# No Footer



## osborn (Dec 6, 2006)

I just had my next project house cleaned out and gutted. This is in Columbus Ohio. The house is about 100 years old, brick and old split face block foundation. We discovered yesterday that theres no footer. The foundation sits in clayish soil.The block is plumb and straight. My mason says its fine. Its lasted this long. Im sure some masons would say otherwise. This rehab is a government funded project. I want to make sure nothing comes back to bite me later. How many different ways are there to fix this. Any input would be nice. Thanks in advance.


----------



## neolitic (Apr 20, 2006)

How far below grade?


----------



## osborn (Dec 6, 2006)

4-5 feet


----------



## neolitic (Apr 20, 2006)

Can't answer for the government, but I've learned not to worry if it's worked for that long. Have seen some around here 12' below grade, and doing fine. One we worked on was 1849 12" brick foundation on clay, only @12-14 deep. Other than that, I'd be calling guys with grout pumps.
Good luck.


----------



## Tscarborough (Feb 25, 2006)

The best way would be to put back what you removed and assume with confidence the foundation is fine.


----------



## rino1494 (Jan 31, 2006)

Leave it alone. If not, jack the house up and lay up a new foundation. Should only cost you around $30,000. arty:


----------



## tgeb (Feb 9, 2006)

I see that all the time on some of the real old homes around here.

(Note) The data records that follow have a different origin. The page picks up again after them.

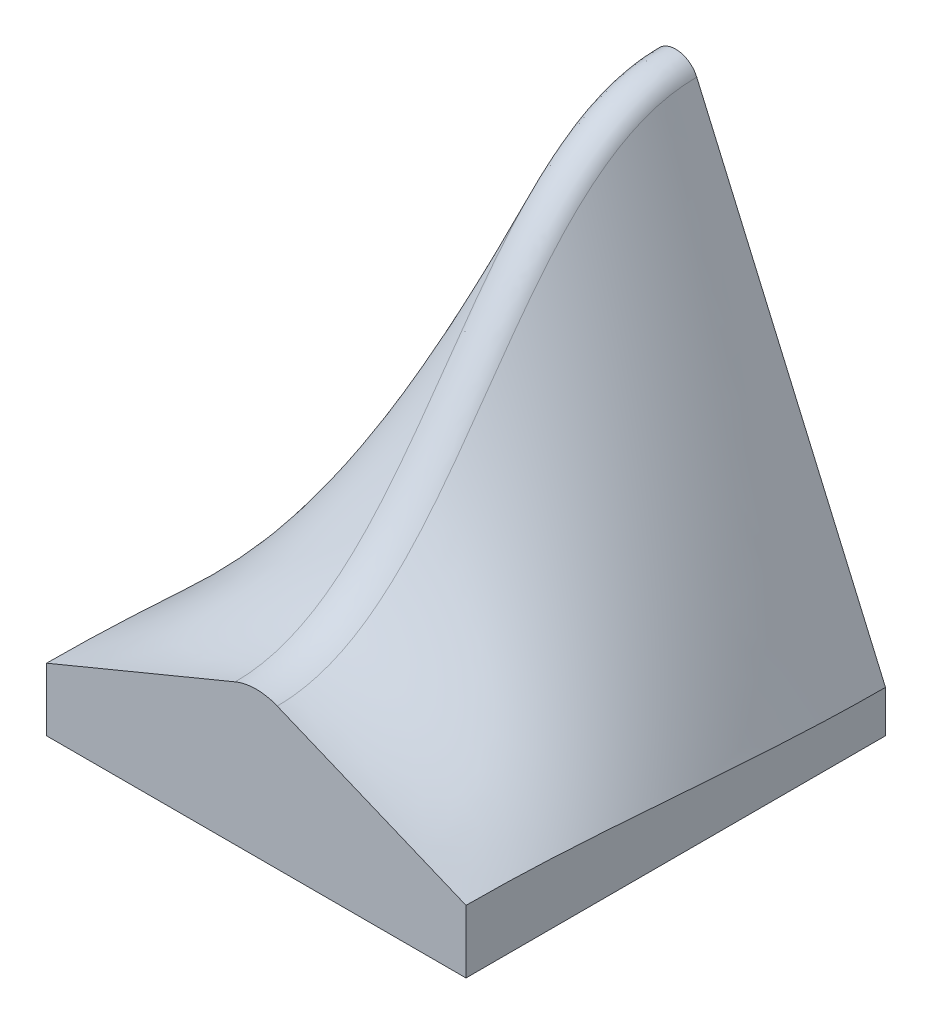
ISO-10303-21;
HEADER;
FILE_DESCRIPTION(('STEP AP214'),'2;1');
FILE_NAME('part.step','',(''),(''),'','','');
FILE_SCHEMA(('AUTOMOTIVE_DESIGN { 1 0 10303 214 1 1 1 1 }'));
ENDSEC;
DATA;
#1=APPLICATION_CONTEXT('core data for automotive mechanical design processes');
#2=APPLICATION_PROTOCOL_DEFINITION('international standard','automotive_design',2000,#1);
#3=PRODUCT_CONTEXT('',#1,'mechanical');
#4=PRODUCT('Part','Part','',(#3));
#5=PRODUCT_RELATED_PRODUCT_CATEGORY('part','',(#4));
#6=PRODUCT_DEFINITION_FORMATION('','',#4);
#7=PRODUCT_DEFINITION_CONTEXT('part definition',#1,'design');
#8=PRODUCT_DEFINITION('design','',#6,#7);
#9=PRODUCT_DEFINITION_SHAPE('','',#8);
#10=(LENGTH_UNIT() NAMED_UNIT(*) SI_UNIT(.MILLI.,.METRE.));
#11=(NAMED_UNIT(*) PLANE_ANGLE_UNIT() SI_UNIT($,.RADIAN.));
#12=(NAMED_UNIT(*) SI_UNIT($,.STERADIAN.) SOLID_ANGLE_UNIT());
#13=UNCERTAINTY_MEASURE_WITH_UNIT(LENGTH_MEASURE(1.E-05),#10,'distance_accuracy_value','');
#14=(GEOMETRIC_REPRESENTATION_CONTEXT(3) GLOBAL_UNCERTAINTY_ASSIGNED_CONTEXT((#13)) GLOBAL_UNIT_ASSIGNED_CONTEXT((#10,
#11,#12)) REPRESENTATION_CONTEXT('',''));
#15=CARTESIAN_POINT('',(0.,0.,0.));
#16=DIRECTION('',(0.,0.,1.));
#17=DIRECTION('',(1.,0.,0.));
#18=AXIS2_PLACEMENT_3D('',#15,#16,#17);
#19=CARTESIAN_POINT('',(2.49999999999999,56.7464573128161,-56.671611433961));
#20=CARTESIAN_POINT('',(2.50000000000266,56.74645731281,-55.5596761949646));
#21=CARTESIAN_POINT('',(2.49999999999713,56.7464573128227,-54.4477409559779));
#22=CARTESIAN_POINT('',(2.50000000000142,56.7464573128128,-52.7798380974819));
#23=CARTESIAN_POINT('',(2.50000000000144,56.7464573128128,-52.2238704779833));
#24=CARTESIAN_POINT('',(2.49999999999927,56.7464573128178,-51.389919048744));
#25=CARTESIAN_POINT('',(2.49999999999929,56.7464573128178,-51.1119352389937));
#26=CARTESIAN_POINT('',(2.50000000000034,56.7464573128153,-50.6949595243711));
#27=CARTESIAN_POINT('',(2.49999999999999,56.7464573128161,-50.5559676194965));
#28=CARTESIAN_POINT('',(2.49999999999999,56.7464573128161,-50.3474797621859));
#29=CARTESIAN_POINT('',(2.49999999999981,56.7464573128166,-50.2779838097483));
#30=CARTESIAN_POINT('',(2.50000000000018,56.7464573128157,-50.1389919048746));
#31=CARTESIAN_POINT('',(2.49999945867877,56.7464585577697,-50.0775606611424));
#32=CARTESIAN_POINT('',(2.50000033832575,56.7464565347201,-49.9515245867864));
#33=CARTESIAN_POINT('',(2.49999999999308,56.7462161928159,-49.8929789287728));
#34=CARTESIAN_POINT('',(2.50000000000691,56.7452497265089,-49.7859938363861));
#35=CARTESIAN_POINT('',(2.49999999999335,56.7445243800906,-49.7325138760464));
#36=CARTESIAN_POINT('',(2.50000000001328,56.741619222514,-49.5721172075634));
#37=CARTESIAN_POINT('',(2.49999999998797,56.7387102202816,-49.4652436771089));
#38=CARTESIAN_POINT('',(2.50000000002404,56.7270468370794,-49.1448407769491));
#39=CARTESIAN_POINT('',(2.49999999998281,56.7153547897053,-48.9315286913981));
#40=CARTESIAN_POINT('',(2.50000000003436,56.6684157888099,-48.2928390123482));
#41=CARTESIAN_POINT('',(2.4999999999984,56.6212827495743,-47.8687069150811));
#42=CARTESIAN_POINT('',(2.50000000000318,56.4322398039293,-46.6044586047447));
#43=CARTESIAN_POINT('',(2.50000000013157,56.2423415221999,-45.7726618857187));
#44=CARTESIAN_POINT('',(2.49999999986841,55.7428424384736,-44.1464165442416));
#45=CARTESIAN_POINT('',(2.50000000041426,55.4308647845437,-43.3471063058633));
#46=CARTESIAN_POINT('',(2.49999999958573,54.7184258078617,-41.8235260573));
#47=CARTESIAN_POINT('',(2.50000000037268,54.319376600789,-41.0989557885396));
#48=CARTESIAN_POINT('',(2.49999999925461,53.029352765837,-39.0235961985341));
#49=CARTESIAN_POINT('',(2.50000000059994,52.0390532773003,-37.7609251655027));
#50=CARTESIAN_POINT('',(2.49999999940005,49.9809381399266,-35.4621026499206));
#51=CARTESIAN_POINT('',(2.5000000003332,48.9115443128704,-34.4205929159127));
#52=CARTESIAN_POINT('',(2.49999999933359,45.6425317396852,-31.4773820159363));
#53=CARTESIAN_POINT('',(2.50000000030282,43.3799543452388,-29.7501940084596));
#54=CARTESIAN_POINT('',(2.49999999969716,38.8403273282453,-26.4341461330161));
#55=CARTESIAN_POINT('',(2.50000000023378,36.5642753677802,-24.8556308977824));
#56=CARTESIAN_POINT('',(2.49999999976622,32.1226816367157,-21.6835028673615));
#57=CARTESIAN_POINT('',(2.50000000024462,29.9561517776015,-20.0923722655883));
#58=CARTESIAN_POINT('',(2.49999999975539,25.886407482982,-16.7588296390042));
#59=CARTESIAN_POINT('',(2.5000000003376,23.9822641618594,-15.0193280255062));
#60=CARTESIAN_POINT('',(2.49999999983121,21.4839902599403,-12.1673994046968));
#61=CARTESIAN_POINT('',(2.50000000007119,20.7052178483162,-11.1664278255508));
#62=CARTESIAN_POINT('',(2.49999999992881,19.332957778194,-9.08727940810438));
#63=CARTESIAN_POINT('',(2.50000000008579,18.7488603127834,-8.02561493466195));
#64=CARTESIAN_POINT('',(2.49999999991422,17.7986225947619,-5.83734246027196));
#65=CARTESIAN_POINT('',(2.49999999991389,17.4310913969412,-4.70705557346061));
#66=CARTESIAN_POINT('',(2.50000000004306,17.0608716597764,-2.94654294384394));
#67=CARTESIAN_POINT('',(2.49999999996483,16.9699188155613,-2.35984044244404));
#68=CARTESIAN_POINT('',(2.50000000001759,16.879514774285,-1.47732174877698));
#69=CARTESIAN_POINT('',(2.49999999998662,16.8570625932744,-1.18274099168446));
#70=CARTESIAN_POINT('',(2.50000000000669,16.8346713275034,-0.739961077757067));
#71=CARTESIAN_POINT('',(2.49999999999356,16.8290893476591,-0.592216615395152));
#72=CARTESIAN_POINT('',(2.50000000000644,16.821656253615,-0.296379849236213));
#73=CARTESIAN_POINT('',(2.49999937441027,16.8198054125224,-0.161330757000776));
#74=CARTESIAN_POINT('',(2.50000050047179,16.8198049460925,0.129064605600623));
#75=CARTESIAN_POINT('',(2.50000000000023,16.8198051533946,0.278998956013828));
#76=CARTESIAN_POINT('',(2.49999999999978,16.8198051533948,0.557997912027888));
#77=CARTESIAN_POINT('',(2.5000000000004,16.8198051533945,0.697497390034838));
#78=CARTESIAN_POINT('',(2.49999999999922,16.819805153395,1.11599582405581));
#79=CARTESIAN_POINT('',(2.49999999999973,16.8198051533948,1.39499478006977));
#80=CARTESIAN_POINT('',(2.50000000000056,16.8198051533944,2.23199164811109));
#81=CARTESIAN_POINT('',(2.50000000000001,16.8198051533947,2.78998956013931));
#82=CARTESIAN_POINT('',(2.50000000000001,16.8198051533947,4.46398329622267));
#83=CARTESIAN_POINT('',(2.50000000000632,16.819805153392,5.57997912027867));
#84=CARTESIAN_POINT('',(2.5,16.8198051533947,6.69597494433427));
#85=CARTESIAN_POINT('',(0.,62.4960636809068,-56.671611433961));
#86=CARTESIAN_POINT('',(1.25378510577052E-11,62.4960636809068,-55.559676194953));
#87=CARTESIAN_POINT('',(-3.87167811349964E-12,62.4960636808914,-54.4477409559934));
#88=CARTESIAN_POINT('',(1.91502237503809E-12,62.4960636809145,-52.7798380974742));
#89=CARTESIAN_POINT('',(4.80663789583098E-12,62.4960636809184,-52.2238704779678));
#90=CARTESIAN_POINT('',(-2.42673771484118E-12,62.496063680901,-51.3899190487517));
#91=CARTESIAN_POINT('',(-1.70340015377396E-12,62.4960636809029,-51.1119352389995));
#92=CARTESIAN_POINT('',(8.28281309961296E-13,62.4960636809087,-50.6949595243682));
#93=CARTESIAN_POINT('',(0.,62.4960636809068,-50.5559676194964));
#94=CARTESIAN_POINT('',(0.,62.4960636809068,-50.3474797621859));
#95=CARTESIAN_POINT('',(-4.9783755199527E-13,62.4960636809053,-50.2779838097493));
#96=CARTESIAN_POINT('',(4.66612529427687E-13,62.4960636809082,-50.1389919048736));
#97=CARTESIAN_POINT('',(-5.5985045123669E-13,62.4960662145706,-50.0913767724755));
#98=CARTESIAN_POINT('',(3.21717229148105E-13,62.4960620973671,-49.9428895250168));
#99=CARTESIAN_POINT('',(3.69315069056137E-13,62.4956510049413,-49.8583975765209));
#100=CARTESIAN_POINT('',(-3.83172063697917E-13,62.4939932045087,-49.716708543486));
#101=CARTESIAN_POINT('',(0.,62.4927481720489,-49.6458401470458));
#102=CARTESIAN_POINT('',(0.,62.4877548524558,-49.4331849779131));
#103=CARTESIAN_POINT('',(-1.12493632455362E-12,62.4827489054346,-49.2913485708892));
#104=CARTESIAN_POINT('',(2.24835001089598E-12,62.4626311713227,-48.8658435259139));
#105=CARTESIAN_POINT('',(-1.32298675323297E-12,62.442428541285,-48.5821841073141));
#106=CARTESIAN_POINT('',(2.70618007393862E-12,62.3610684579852,-47.7329451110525));
#107=CARTESIAN_POINT('',(5.79467089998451E-13,62.2793054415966,-47.1691681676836));
#108=CARTESIAN_POINT('',(-1.19741507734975E-12,61.9514823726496,-45.4992752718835));
#109=CARTESIAN_POINT('',(1.20199064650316E-12,61.6253133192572,-44.4149663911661));
#110=CARTESIAN_POINT('',(-1.18298640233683E-12,60.7777296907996,-42.3398767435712));
#111=CARTESIAN_POINT('',(2.76213574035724E-12,60.2643165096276,-41.3554624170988));
#112=CARTESIAN_POINT('',(-2.63781377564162E-12,59.1266736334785,-39.5423893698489));
#113=CARTESIAN_POINT('',(2.42197630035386E-12,58.514470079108,-38.7158837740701));
#114=CARTESIAN_POINT('',(-4.57612154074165E-12,56.6470313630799,-36.4821838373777));
#115=CARTESIAN_POINT('',(-6.2965454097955E-13,55.2929642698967,-35.1905924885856));
#116=CARTESIAN_POINT('',(5.65076383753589E-13,52.6349004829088,-32.9461197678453));
#117=CARTESIAN_POINT('',(3.05913973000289E-12,51.324411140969,-31.963031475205));
#118=CARTESIAN_POINT('',(-5.51622078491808E-12,47.6027441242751,-29.3457389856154));
#119=CARTESIAN_POINT('',(-3.12736692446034E-12,45.0574386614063,-27.7583489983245));
#120=CARTESIAN_POINT('',(2.83625068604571E-12,40.1661894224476,-24.7689355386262));
#121=CARTESIAN_POINT('',(-1.23031213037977E-12,37.7430275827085,-23.3185678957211));
#122=CARTESIAN_POINT('',(1.15573172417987E-12,33.1432349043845,-20.4145143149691));
#123=CARTESIAN_POINT('',(-1.20646142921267E-12,30.9017046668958,-18.9293240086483));
#124=CARTESIAN_POINT('',(1.17068436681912E-12,26.7809303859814,-15.8158331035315));
#125=CARTESIAN_POINT('',(6.66896588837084E-12,24.8530188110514,-14.1660124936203));
#126=CARTESIAN_POINT('',(-3.28450923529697E-12,22.3686458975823,-11.4587237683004));
#127=CARTESIAN_POINT('',(-1.68421271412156E-12,21.601461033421,-10.5102381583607));
#128=CARTESIAN_POINT('',(1.68123091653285E-12,20.2628698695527,-8.54548214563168));
#129=CARTESIAN_POINT('',(4.5381619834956E-12,19.6975235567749,-7.54240033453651));
#130=CARTESIAN_POINT('',(-4.52104179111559E-12,18.7854033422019,-5.48298503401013));
#131=CARTESIAN_POINT('',(-3.05086342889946E-13,18.435490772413,-4.42123289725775));
#132=CARTESIAN_POINT('',(1.57334170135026E-13,18.0839362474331,-2.76903328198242));
#133=CARTESIAN_POINT('',(1.67165354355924E-12,17.9977115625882,-2.21849080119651));
#134=CARTESIAN_POINT('',(-8.33454045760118E-13,17.9119872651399,-1.38962066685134));
#135=CARTESIAN_POINT('',(-3.37680907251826E-13,17.8906935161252,-1.1128180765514));
#136=CARTESIAN_POINT('',(1.73064319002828E-13,17.8694504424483,-0.696462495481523));
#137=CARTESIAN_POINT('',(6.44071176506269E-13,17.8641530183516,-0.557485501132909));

We have never done anything with them unless we have to do some underpinning due to lowered elevations.

If all is well, leave it. some of the places I have worked at that had these conditions were $1 million+, renovations. If it's good enough for them it should be good enough for any Gov. Rehab.

If you want to cover your butt, get the architect and engineer involved. More damage could be done by attempting to underpin and install a footing than by leaving it as is.


----------



## bobcaygeonjon (Aug 30, 2007)

The frost line where I live is 3' 6" but I've seen older houses built of clay only 0" below grade and they have been there for over 100 years perfectly plumb still. So if there's nothing wrong with it then leave well alone.


----------